I mentioned in this thread (https://www.aussiestockforums.com/forums/showthread.php?p=6740#post6740) at post #23 that may be we could have some basic info on BB tags and editing in the FAQ. 

Also, is it possible to have a link from the Tipping comp leader board page back to the forum home page? Thanks.


----------



## Joe Blow (1 February 2005)

RichKid said:
			
		

> I mentioned in this thread (https://www.aussiestockforums.com/forums/showthread.php?p=6740#post6740) at post #23 that may be we could have some basic info on BB tags and editing in the FAQ.
> 
> Also, is it possible to have a link from the Tipping comp leader board page back to the forum home page? Thanks.




RichKid,

I must have missed your post.

Info on bbcode can be found here: https://www.aussiestockforums.com/help/bb-codes

I will put a link to the Forum home page up on the Stock Tipping Competition page at some point over the next few days! Promise!


----------



## RichKid (2 February 2005)

Joe Blow said:
			
		

> RichKid,
> I must have missed your post.
> 
> Info on bbcode can be found here: https://www.aussiestockforums.com/help/bb-codes
> ...




Joe! You're too good, I couldn't find the code help the first time I looked, I must have been in a rush. Thanks also for working on the link. Now if my pick can stay near the top I may end up checking the leaderboard more often...


----------



## crocdee (2 February 2005)

hi joe
now that the tipping comp has been running for awhile, could we have a continuing board where the winners and runner up are listed.
that way it would be easy to see who has won inthe past and who perhaps our best tippers are.

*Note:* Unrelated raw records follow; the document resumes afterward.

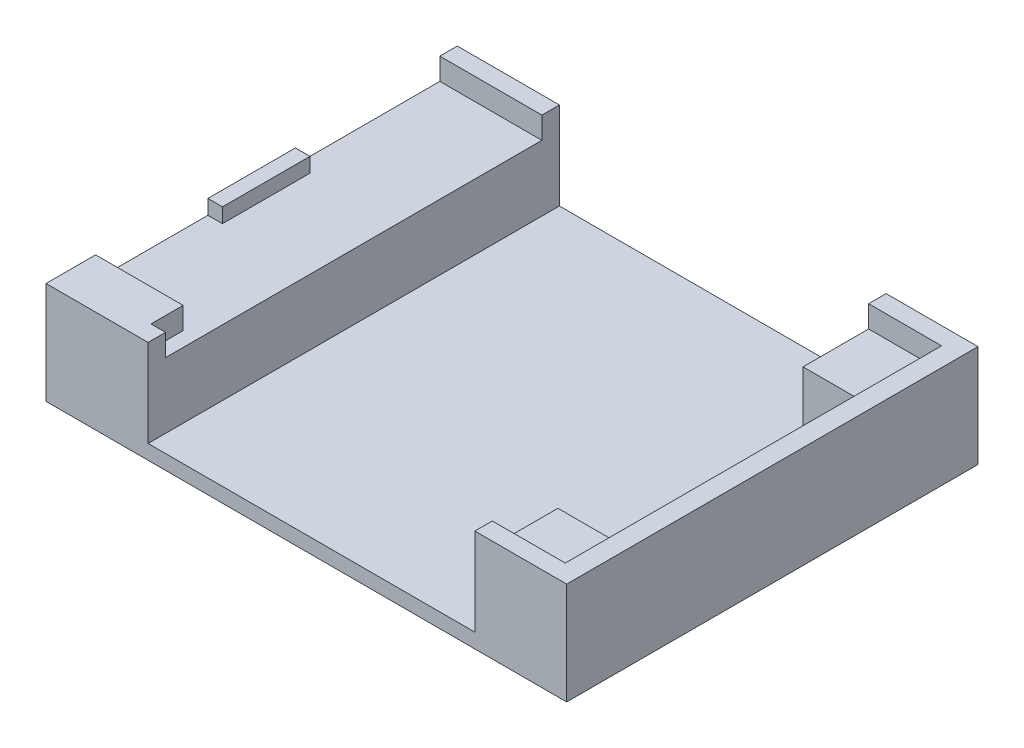
from build123d import *

# Parameters (mm, degrees)
SKETCH1_W           = 35.7
SKETCH1_H           = 28.2
BOSS_EXTRUDE1_DEPTH = 7
SKETCH2_W           = 34.4
SKETCH2_H           = 25.8
CUT_EXTRUDE1_DEPTH  = 1.5
CUT_EXTRUDE2_DEPTH  = 4.5
SKETCH4_W           = 22.4
SKETCH4_H           = 1.2
CUT_EXTRUDE3_DEPTH  = 6
SKETCH5_W           = 1
SKETCH5_H           = 6
BOSS_EXTRUDE2_DEPTH = 1
SKETCH6_W           = 6
SKETCH6_H           = 2.2
BOSS_EXTRUDE3_DEPTH = 1.5


with BuildPart() as part:
    # Sketch1 → Boss-Extrude1 (new body)
    with BuildSketch(Plane(origin=(0, 0, 0), x_dir=(1, 0, 0), z_dir=(0, 1, 0))):
        Rectangle(SKETCH1_W, SKETCH1_H)
    extrude(amount=BOSS_EXTRUDE1_DEPTH)

    # Sketch2 → Cut-Extrude1 (cut)
    with BuildSketch(Plane(origin=(0, 7, 0), x_dir=(1, 0, 0), z_dir=(0, 1, 0))):
        with Locations((-0.65, 0)):
            Rectangle(SKETCH2_W, SKETCH2_H)
    extrude(amount=-CUT_EXTRUDE1_DEPTH, mode=Mode.SUBTRACT)

    # Sketch3 → Cut-Extrude2 (cut)
    with BuildSketch(Plane(origin=(0, 5.5, 0), x_dir=(1, 0, 0), z_dir=(0, 1, 0))):
        Polygon((-10.85, 12.9), (-10.85, -12.9), (11.55, -12.9), (11.55, -8.4), (16.55, -8.4), (16.55, 8.4), (11.55, 8.4), (11.55, 12.9), align=None)
    extrude(amount=-CUT_EXTRUDE2_DEPTH, mode=Mode.SUBTRACT)

    # Sketch4 → Cut-Extrude3 (cut)
    with BuildSketch(Plane(origin=(0, 7, 0), x_dir=(1, 0, 0), z_dir=(0, 1, 0))):
        with Locations((0.35, -13.5)):
            Rectangle(SKETCH4_W, SKETCH4_H)
    cut_extrude3 = extrude(amount=-CUT_EXTRUDE3_DEPTH, mode=Mode.SUBTRACT)

    # Mirror1: Cut-Extrude3 across plane
    add(cut_extrude3.mirror(Plane.XY), mode=Mode.SUBTRACT)

    # Sketch5 → Boss-Extrude2 (add)
    with BuildSketch(Plane(origin=(0, 5.5, 0), x_dir=(1, 0, 0), z_dir=(0, 1, 0))):
        with Locations((-17.35, 0)):
            Rectangle(SKETCH5_W, SKETCH5_H)
    extrude(amount=BOSS_EXTRUDE2_DEPTH)

    # Sketch6 → Boss-Extrude3 (add)
    with BuildSketch(Plane(origin=(0, 5.5, 0), x_dir=(1, 0, 0), z_dir=(0, 1, 0))):
        with Locations((-14.85, -11.8)):
            Rectangle(SKETCH6_W, SKETCH6_H)
    extrude(amount=BOSS_EXTRUDE3_DEPTH)


solid = part.part

                            winner     runner up
october                  fred         harry
november                etc

just a thought     it might be better to keep the thread site free from postings
as it may clutter the site.

regards croc


----------



## RichKid (2 February 2005)

Yes, great idea Croc, I mentioned earlier that we could do some statistical analysis too but we can leave that for later, I'll see if I can help out over the next few months but we may need someone who knows the coding (Stefan? but he's gone). A closed/locked thread would be good so only Joe can post. Maybe Joe can just paste the table as of the last day of each comp.


----------



## RichKid (2 February 2005)

Also, about the comp, have we finalised the rules yet about entry deadline (ie midnight on the day before the markets open for the new month) or is it midnight on last day of previous month?


----------



## ghotib (2 February 2005)

Is it practical / desirable to run more than one competition, maybe over different time periods or with different criteria? 

I guess best divvie and the best overall return over 6 months would be too slow for a competition?

Dunno. I guess I'm looking for more ways to test my thinking. 

Thanks Joe,

Ghoti (having a vague day)


----------



## stefan (2 February 2005)

> (Stefan? but he's gone).



I'm still here . Just not as active as I would like to be. I've even been thinking about the tipping page and what sort of improvements one could add. The day has 24 hrs and if that's not enough you can always stay up late 

Keep posting and I keep reading. Will have a chat with Joe about it later on. 

Happy trading

Stefan


----------



## Joe Blow (2 February 2005)

stefan said:
			
		

> I'm still here . Just not as active as I would like to be. I've even been thinking about the tipping page and what sort of improvements one could add. The day has 24 hrs and if that's not enough you can always stay up late
> 
> Keep posting and I keep reading. Will have a chat with Joe about it later on.
> 
> ...




Good to see you've still been lurking, Stefan!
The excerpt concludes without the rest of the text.